As described above, according to this embodiment, it is possible to cope with a 1/2 load by simply opening or closing one of the fuel cutoff valves V, and the control system is remarkably simplified. Accordingly, the structure of the control device is simplified and the cost thereof is reduced.

[0024]

As described in detail above, according to the present invention,
Since the rated capacity of the combustion means such as a burner can correspond to 1/2 load, a small one can be used as the combustion means such as a burner and the production thereof can be performed at low cost. That is an excellent effect.

Further, since the 1/2 load can be dealt with by simply turning on or off the combustion means such as one burner, the structure of the control system can be remarkably simplified, and the structure of the control device can be remarkably simplified accordingly. In addition, an excellent effect that the cost can be reduced can also be obtained.

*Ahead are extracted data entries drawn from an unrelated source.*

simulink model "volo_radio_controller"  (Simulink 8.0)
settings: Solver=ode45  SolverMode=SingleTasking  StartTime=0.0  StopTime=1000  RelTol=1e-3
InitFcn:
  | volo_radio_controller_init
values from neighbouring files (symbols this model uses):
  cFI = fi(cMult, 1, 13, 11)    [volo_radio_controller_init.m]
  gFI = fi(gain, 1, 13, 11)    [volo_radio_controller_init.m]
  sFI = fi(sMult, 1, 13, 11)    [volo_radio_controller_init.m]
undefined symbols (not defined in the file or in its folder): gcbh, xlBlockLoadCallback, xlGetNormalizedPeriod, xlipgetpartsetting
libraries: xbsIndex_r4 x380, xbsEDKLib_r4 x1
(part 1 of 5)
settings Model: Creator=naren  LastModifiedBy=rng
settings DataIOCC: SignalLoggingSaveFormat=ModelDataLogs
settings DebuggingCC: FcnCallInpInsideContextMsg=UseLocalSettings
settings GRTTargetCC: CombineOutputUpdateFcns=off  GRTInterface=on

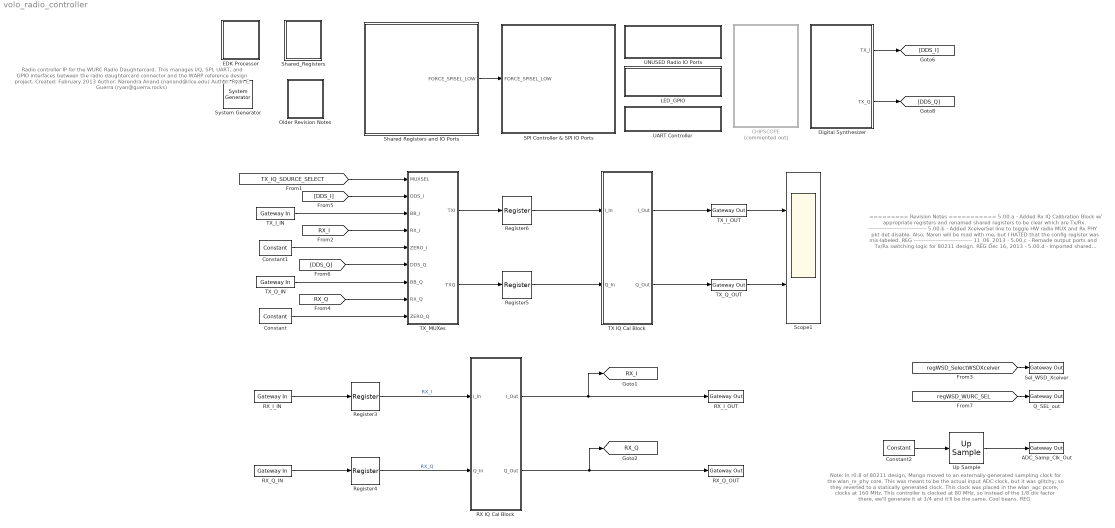
== system volo_radio_controller ==
  note: Note: in r0.8 of 80211 design, Mango moved to an externally-generated sampling clock for the wlan_rx_phy
      | core. This was meant to be the actual input ADC clock, but it was glitchy, so they reverted to a statically generated clock.
      | This clock was placed in the wlan_agc pcore, clocks at 160 MHz. This controller is clocked at 80 MHz, so instead of the 1/8
      | div factor there, we'll generate it at 1/4 and it'll be the same. Cool beans. REG
  note: Radio controller IP for the WURC Radio Daughtercard.
      | This manages I/Q, SPI, UART, and GPIO interfaces
      | between the radio daughtercard connector and the
      | WARP reference design project.
      |
      | Created: February 2013
      | Author: Narendra Anand (nanand@rice.edu)
      | Author: Ryan E. Guerra (ryan@guerra.rocks)
  note: ========= Revision Notes ===========
      | 5.00.a - Added Rx IQ Calibration Block w/ appropriate registers and renamed shared
      | registers to be clear which are Tx/Rx.
      | -----------------------------------
      | 5.00.b - Added XceiverSel line to toggle HW radio MUX and Rx PHY pkt det disable.
      | Also, Naren will be mad with me, but I HATED that the config register was mis-labeled. REG
      | -----------------------------------
      | 11_06_2013 - 5.00.c - Remade output ports and Tx/Rx switching logic for 80211 design. REG
      | Dec 16, 2013 - 5.00.d - Imported shared registers from Tx/Rx FIR to save on AXI Slave slots REG
      | Jan 15, 2014 - 5.00.e - Removed filter stuff and cleaned up for 802.11 Rev0.7 REG
      | Jan 17, 2014 - 5.00.f - removed extra ports to avoid confusion. Better to add than take away REG
      | Feb 13, 2014 - 5.00.g - added ADC_SAMP_CLK_OUT port for compatibility with rev 0.8 design REG
      | April 22, 2014 - 5.00.h - Changed DDS synthesizer tp fixed Sysgen core for better frequency response
      | AND removed the corresponding DDS registers (phaseInc and ddsOutputReset) NA
      | April 29, 2014 - 5.00.i - Previous version had some EDK register screwup, fixed now.  NA
      | April 30, 2014 - 5.00.j - Added taylor series correction setting to dds compiler, maximized DSP
      | utilization and set goal to speed.
      | May 23, 2014 - 5.08.k - WOW! EDK Processor was creating duplicate register offset addresses.
      | This was the problem that was borking everything. NOTE: it is still not fixed, but we have gone and
      | hand-edited the MPD file with unique, non-overlapping offsets for the To/From registers. REG
      | May 23, 2014 - 5.08.m - EDK Processor didn't synthesize 5 registers. Reinitialized Processor and
      | am trying again. REG
      | May 26, 2014 - 5.08.q - Diagnosed error with unchecked register read-back. REG
      | Nov 21, 2014 - 2.08.r - Regened for Naren for SysGen 14.4. REG
      | Jan 02, 2015 - 2.08.s - Added latency to cast at the end of IQ Cal Blocks. REG
      | Jan 18, 2015 - 2.08.t - Added 2-bit radio sel lines to general options register,
      | added output Q_Sel_out. REG
      | Jan 19, 2015 - 2.08.u - added pipeline registers to the SPI output lines to avoid logn routes. REG
  " System Generator" : xbsIndex_r4/ System Generator  Tag=genX  xilinxfamily=virtex6  part=xc6vcx240t  speed=-2  package=ff1156  synthesis_tool=XST  clock_wrapper=Clock Enables  directory=./volo_radio_pcore_generated_pcores  proj_type=Project Navigator  Synth_file=XST Defaults  Impl_file=ISE Defaults  testbench=off  simulink_period=1  sysclk_period=10  dcm_input_clock_period=10  incr_netlist=off  trim_vbits=Everywhere in SubSystem  dbl_ovrd=According to Block Masks  core_generation=According to Block Masks  run_coregen=off  deprecated_control=off  eval_field=0  block_type=sysgen
  ADC_Samp_Clk_Out : xbsIndex_r4/Gateway Out  inherit_from_input=off  hdl_port=on  timing_constraint=None  locs_specified=off  LOCs={}  UseAsDAC=off  DACChannel='1'  block_type=gatewayout
      settings: infoedit="Gateway out block.  Converts Xilinx fixed-point or floating-point type inputs into ouputs of type Simulink integer, single, double, or fixed point.<br><br>Hardware notes:  In hardware these blocks become top level output ports or are discarded, depending on how they are configured."  xl_area=[0 0 0 0 12 0 0]
  CHIPSCOPE : Subsystem  Commented=on
  Constant : xbsIndex_r4/Constant  const=0  gui_display_data_type=Fixed-point  arith_type=Signed (2's comp)  n_bits=12  bin_pt=11  preci_type=Single  exp_width=8  frac_width=24  explicit_period=off  period=1  equ=P=C  opselect=C  inp2=PCIN>>17  opr=+  inp1=P  carry=CIN  dbl_ovrd=off  block_type=constant
  Constant1 : xbsIndex_r4/Constant  const=0  gui_display_data_type=Fixed-point  arith_type=Signed (2's comp)  n_bits=12  bin_pt=11  preci_type=Single  exp_width=8  frac_width=24  explicit_period=off  period=1  equ=P=C  opselect=C  inp2=PCIN>>17  opr=+  inp1=P  carry=CIN  dbl_ovrd=off  block_type=constant
  Constant2 : xbsIndex_r4/Constant  const=1  gui_display_data_type=Boolean  arith_type=Boolean  n_bits=16  bin_pt=14  preci_type=Single  exp_width=8  frac_width=24  explicit_period=on  period=4  equ=P=C  opselect=C  inp2=PCIN>>17  opr=+  inp1=P  carry=CIN  dbl_ovrd=off  block_type=constant
  Digital Synthesizer : Subsystem
  EDK Processor : Subsystem  LoadFcn=xlBlockLoadCallback(gcbh);  mask(Xilinx EDK Processor Block){mode=EDK pcore generation, xmp=, MemVisToProc=<qt bgcolor="#FFFFFF"><div><img src="E:/Xilinx_ISE_14_4/14.4/ISE_DS/ISE/sysgen/data/images/registerplus.gif"> &lt;&lt;VOLO_CONTROLLER_CONFIG_R&gt;&gt;<br></div><div><img src="E:/Xilinx_ISE_14_4/14.4/ISE_DS/ISE/sysgen/data/images/registerplus.gif"> &lt;&lt;VOLO_SPI_SRCSEL&gt;&gt;<br></div><div><img src="E:/Xilinx_ISE_14_4/14.4/ISE_DS/ISE/sysgen/data/images/registerplus.gif"> &lt;&lt;VOLO_SPI_GO&gt;&gt;<br></div><div><img src="E:/Xilinx_ISE_14_4/14.4/ISE_DS/ISE/sysgen/data/images/registerplus.gif"> &lt;&lt;VOLO_RX_COS_MULT&gt;&gt;<br></div><div><img src="E:/Xilinx_ISE_14_4/14.4/ISE_DS/ISE/sysgen/data/images/registerplus.gif"> &lt;&lt;VOLO_RX_GAIN_MULT&gt;&gt;<br></div><div><img src="E:/Xilinx_ISE_14_4/14.4/ISE_DS/ISE/sysgen/data/images/registerplus.gif"> &lt;&lt;VOLO_SPI_TXDAT&gt;&gt;<br></div><div><img src="E:/Xilinx_ISE_14_4/14.4/ISE_DS/ISE/sysgen/data/images/registerplus.gif"> &lt;&lt;VOLO_RX_SIN_MULT&gt;&gt;<br></div><div><img src="E:/Xilinx_ISE_14_4/14.4/ISE_DS/ISE/sysgen/data/images/registerplus.gif"> &lt;&lt;VOLO_TX_COS_MULT&gt;&gt;<br></div><div><img src="E:/Xilinx_ISE_14_4/14.4/ISE_DS/ISE/sysgen/data/images/registerplus.gif"> &lt;&lt;VOLO_TX_GAIN_MULT&gt;&gt;<br></div><div><img src="E:/Xilinx_ISE_14_4/14.4/ISE_DS/ISE/sysgen/data/images/registerplus.gif"> &lt;&lt;VOLO_TX_SIN_MULT&gt;&gt;<br></div><div><img src="E:/Xilinx_ISE_14_4/14.4/ISE_DS/ISE/sysgen/data/images/registerplus.gif"> &lt;&lt;WSD_SPIWAITDELAYCOUNT&gt;&gt;<br></div><div><img src="E:/Xilinx_ISE_14_4/14.4/ISE_DS/ISE/sysgen/data/images/registerplus.gif"> &lt;&lt;WSD_RXSWITCHINGDELAYCOUNT&gt;&gt;<br></div><div><img src="E:/Xilinx_ISE_14_4/14.4/ISE_DS/ISE/sysgen/data/images/registerplus.gif"> &lt;&lt;WSD_SWITCHINGDELAYCOUNT&gt;&gt;<br></div><div><img src="E:/Xilinx_ISE_14_4/14.4/ISE_DS/ISE/sysgen/data/images/registerplus.gif"> &lt;&lt;VOLO_ADAPTER_GPIO&gt;&gt;<br></div><div><img src="E:/Xilinx_ISE_14_4/14.4/ISE_DS/ISE/sysgen/data/images/registerplus.gif"> &lt;&lt;VOLO_LED&gt;&gt;<br></div><div><img src="E:/Xilinx_ISE_14_4/14.4/ISE_DS/ISE/sysgen/data/images/registerplus.gif"> &lt;&lt;VOLO_SPI_RST&gt;&gt;<br></div><div><img src="E:/Xilinx_ISE_14_4/14.4/ISE_DS/ISE/sysgen/data/images/registerplus.gif"> &lt;&lt;VOLO_SETTINGS&gt;&gt;<br></div><div><img src="E:/Xilinx_ISE_14_4/14.4/ISE_DS/ISE/sysgen/data/images/registerplus.gif"> &lt;&lt;VOLO_SPI_RXDAT&gt;&gt;<br></div><div><img src="E:/Xilinx_ISE_14_4/14.4/ISE_DS/ISE/sysgen/data/images/registerplus.gif"> &lt;&lt;VOLO_SPI_DONE&gt;&gt;<br></div></qt>, AvailableMemories=<empty>, portInterfaceTable={'exposed'=>[],'portdir'=>[],'portname'=>[],'shortname'=>[]}, bus_type_sgadvanced=, bus_type=AXI, baseaddr=0x80000000, baseaddr_lock_sgadvanced=, baseaddr_lock=off, dual_clock_sgadvanced=, dual_clock=on, reg_readback_sgadvanced=, reg_readback=on, ucf_file=, inheritDeviceType_sgadvanced=, inheritDeviceType=off, elf_file=, codebug_sgadvanced=, codebug=on, clock_name=plb, internalPortList={}, resetPolarity=0, memxtable={'mladdr'=>[0.00000000000000000,1.00000000000000000,2.00000000000000000,3.00000000000000000,4.00000000000000000,5.00000000000000000,6.00000000000000000,7.00000000000000000,8.00000000000000000,9.00000000000000000,10.00000000000000000,11.00000000000000000,12.00000000000000000,13.00000000000000000,14.00000000000000000,15.00000000000000000,16.00000000000000000,0.00000000000000000,1.00000000000000000],'mlist'=>['volo_radio_controller/Shared_Registers/From Register5','volo_radio_controller/Shared_Registers/From Register4','volo_radio_controller/Shared_Registers/From Register3','volo_radio_controller/Shared_Registers/From Register21','volo_radio_controller/Shared_Registers/From Register20','volo_radio_controller/Shared_Registers/From Register2','volo_radio_controller/Shared_Registers/From Register19','volo_radio_controller/Shared_Registers/From Register18','volo_radio_controller/Shared_Registers/From Register17','volo_radio_controller/Shared_Registers/From Register16','volo_radio_controller/Shared_Registers/From Register15','volo_radio_controller/Shared_Registers/From Register14','volo_radio_controller/Shared_Registers/From Register13','volo_radio_controller/Shared_Registers/From Register12','volo_radio_controller/Shared_Registers/From Register11','volo_radio_controller/Shared_Registers/From Register1','volo_radio_controller/Shared_Registers/From Register','volo_radio_controller/SPI Controller & SPI IO Ports/To Register1','volo_radio_controller/SPI Controller & SPI IO Ports/To Register'],'mlname'=>['\'VOLO_CONTROLLER_CONFIG_R\'','\'VOLO_SPI_SRCSEL\'','\'VOLO_SPI_GO\'','\'VOLO_RX_COS_MULT\'','\'VOLO_RX_GAIN_MULT\'','\'VOLO_SPI_TXDAT\'','\'VOLO_RX_SIN_MULT\'','\'VOLO_TX_COS_MULT\'','\'VOLO_TX_GAIN_MULT\'','\'VOLO_TX_SIN_MULT\'','\'WSD_SPIWAITDELAYCOUNT\'','\'WSD_RXSWITCHINGDELAYCOUNT\'','\'WSD_SWITCHINGDELAYCOUNT\'','\'VOLO_ADAPTER_GPIO\'','\'VOLO_LED\'','\'VOLO_SPI_RST\'','\'VOLO_SETTINGS\'','\'VOLO_SPI_RXDAT\'','\'VOLO_SPI_DONE\''],'mlstate'=>[0.00000000000000000,0.00000000000000000,0.00000000000000000,0.00000000000000000,0.00000000000000000,0.00000000000000000,0.00000000000000000,0.00000000000000000,0.00000000000000000,0.00000000000000000,0.00000000000000000,0.00000000000000000,0.00000000000000000,0.00000000000000000,0.00000000000000000,0.00000000000000000,0.00000000000000000,0.00000000000000000,0.00000000000000000]}, procinfo={}, memmapdirty=off, blockname=, xpsintstyle=default, has_advanced_control=0, sggui_pos=-1471,122,939,804, block_type=edkprocessor, block_version=2.7, sg_icon_stat=62,64,-1,-1,white,blue,0,07734,right,,[ ],[ ], sg_mask_display=|, sg_list_contents={'table'=>{'AvailableMemories'=>'popup(<empty>)'}}, sg_blockgui_xml=}
      mask sg_mask_display=|
      | fprintf('','COMMENT: begin icon graphics');
      | patch([0 62 62 0 0 ],[0 0 64 64 0 ],[0.77 0.82 0.91 ]);
      | plot([0 62 62 0 0 ],[0 0 64 64 0 ]);
      | patch([13.2 24.76 32.76 40.76 48.76 32.76 21.2 13.2 ],[40.88 40.88 48.88 40.88 48.88 48.88 48.88 40.88 ],[1 1 1 ]);
      | patch([21.2 32.76 24.76 13.2 21.2 ],[32.88 32.88 40.88 40.88 32.88 ],[0.931 0.946 0.973 ]);
      | patch([13.2 24.76 32.76 21.2 13.2 ],[24.88 24.88 32.88 32.88 24.88 ],[1 1 1 ]);
      | patch([21.2 48.76 40.76 32.76 24.76 13.2 21.2 ],[16.88 16.88 24.88 16.88 24.88 24.88 16.88 ],[0.931 0.946 0.973 ]);
      | fprintf('','COMMENT: end icon graphics');
      | fprintf('','COMMENT: begin icon text');
      | fprintf('','COMMENT: end icon text');
      mask prompts: mode "Configure Processor for"; xmp "XPS Project"; MemVisToProc ""; AvailableMemories "Available Memories"; portInterfaceTable ""; bus_type_sgadvanced ""; bus_type "Bus Type"; baseaddr "Base Address"; baseaddr_lock_sgadvanced ""; baseaddr_lock "Lock"; dual_clock_sgadvanced ""; dual_clock "Dual Clocks"; reg_readback_sgadvanced ""; reg_readback "Register Read-Back"; ucf_file "Constraint File"; inheritDeviceType_sgadvanced ""; inheritDeviceType "Inherit Device Type"; elf_file "Initial Program"; codebug_sgadvanced ""; codebug "Enable Co-Debug with Xilinx SDK (Beta)"; clock_name ""; internalPortList ""; resetPolarity ""; memxtable ""; procinfo ""; memmapdirty ""; blockname ""; xpsintstyle ""; has_advanced_control ""; sggui_pos ""; block_type ""; block_version ""; sg_icon_stat ""; sg_mask_display ""; sg_list_contents ""; sg_blockgui_xml ""
      mask help: Xilinx EDK Processor
      mask init:
      | try
      |   tmp_gcb = gcb;
      |   tmp_gcbh = gcbh;
      |   if (strcmp('SysGenIndex',get_param(bdroot(tmp_gcbh),'tag')) && ~isempty(regexp(bdroot(tmp_gcb), '^xbs', 'once')))
      |     return;
      |   end;
      |   xlMungeMaskParams;
      | 
      |   block_type='edkprocessor';
      | 
      |   serialized_declarations = '{''block_type''=>''String''}';
      |   xledkprocessor_init();
      |   ptable_ = xlblockprep(get_param(tmp_gcb, 'MaskWSVariables'));
      |   try
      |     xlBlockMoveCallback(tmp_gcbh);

Further, the gas temperature from the combustion means is set to 150.
In a preferred embodiment of the present invention, which includes a heat transfer surface for adjusting temperature adjustment for adjusting the temperature in the range of 0 to 1000 ° C. and a heat insulating space provided immediately after the heat transfer surface, NO _X emission and CO emission are suppressed. Excellent effect can also be obtained.

[Brief description of the drawings]

FIG. 1 is a cross-sectional view of a steam generating part of a rectangular multi-tube through-flow boiler of the present invention.

FIG. 2 is a cross-sectional view of another example of the heat transfer surface configuration of the steam generating unit.

FIG. 3 is a simplified control block diagram of a fuel system of the equiangular multitubular once-through boiler.

FIG. 4 is a cross-sectional view of a steam generating portion of a conventional rectangular multi-tube type once-through boiler.

FIG. 5 is a simplified control block diagram of a fuel system of a conventional rectangular multi-tube type once-through boiler.

[Explanation of symbols]

 1 Steam Generation Part 2 Unit Evaporation Part 3 Thin Box Body 31 Side Wall 32 Water Cooling Wall (Partition Wall) 33 Front 34 Rear 35 Gas Outlet 36 Heat Insulation Space 4 Heat Transfer Tube Group 41 Heat Transfer Tube Group 42 Temperature Control Tube Group (No. 1) 1 tube group) 43 Main heat transfer tube group (2nd tube group) 44 Main heat transfer tube group (3rd tube group) 5 Premixed gas burner V Fuel cutoff valve

Claims (4)

[Claims] 1. A prismatic multi-tube once-through boiler, which comprises combustion means for generating combustion gas capable of ensuring an evaporation amount of 1/2 of the maximum evaporation amount, and combustion gas from the combustion means causes a maximum evaporation amount of 1 Unit heat vaporization section for ensuring a vaporization amount of / 2, and a steam generating section is constituted by arranging two unit vaporization sections in parallel to form a rectangular multi-tube flow-through. boiler. 2. The heat exchange section is provided on a temperature adjusting heat transfer surface for adjusting the temperature of the combustion gas from the combustion means in the range of 1500 to 1000 ° C., and on the downstream side of the temperature adjusting heat transfer surface. The rectangular multi-tube through-flow boiler according to claim 1, further comprising a heat insulating space. 3. The heat transfer surface density in the heat exchange section is essentially set such that the density becomes small from the upstream side to the downstream side of the gas flow and becomes large. The rectangular multi-tube through-flow boiler according to 1. 4. A heat transfer surface having a heat transfer surface density lower than a heat transfer surface density of a heat transfer surface located upstream of the gas flow is provided downstream of the gas flow. The rectangular multi-tube once-through boiler according to item 3.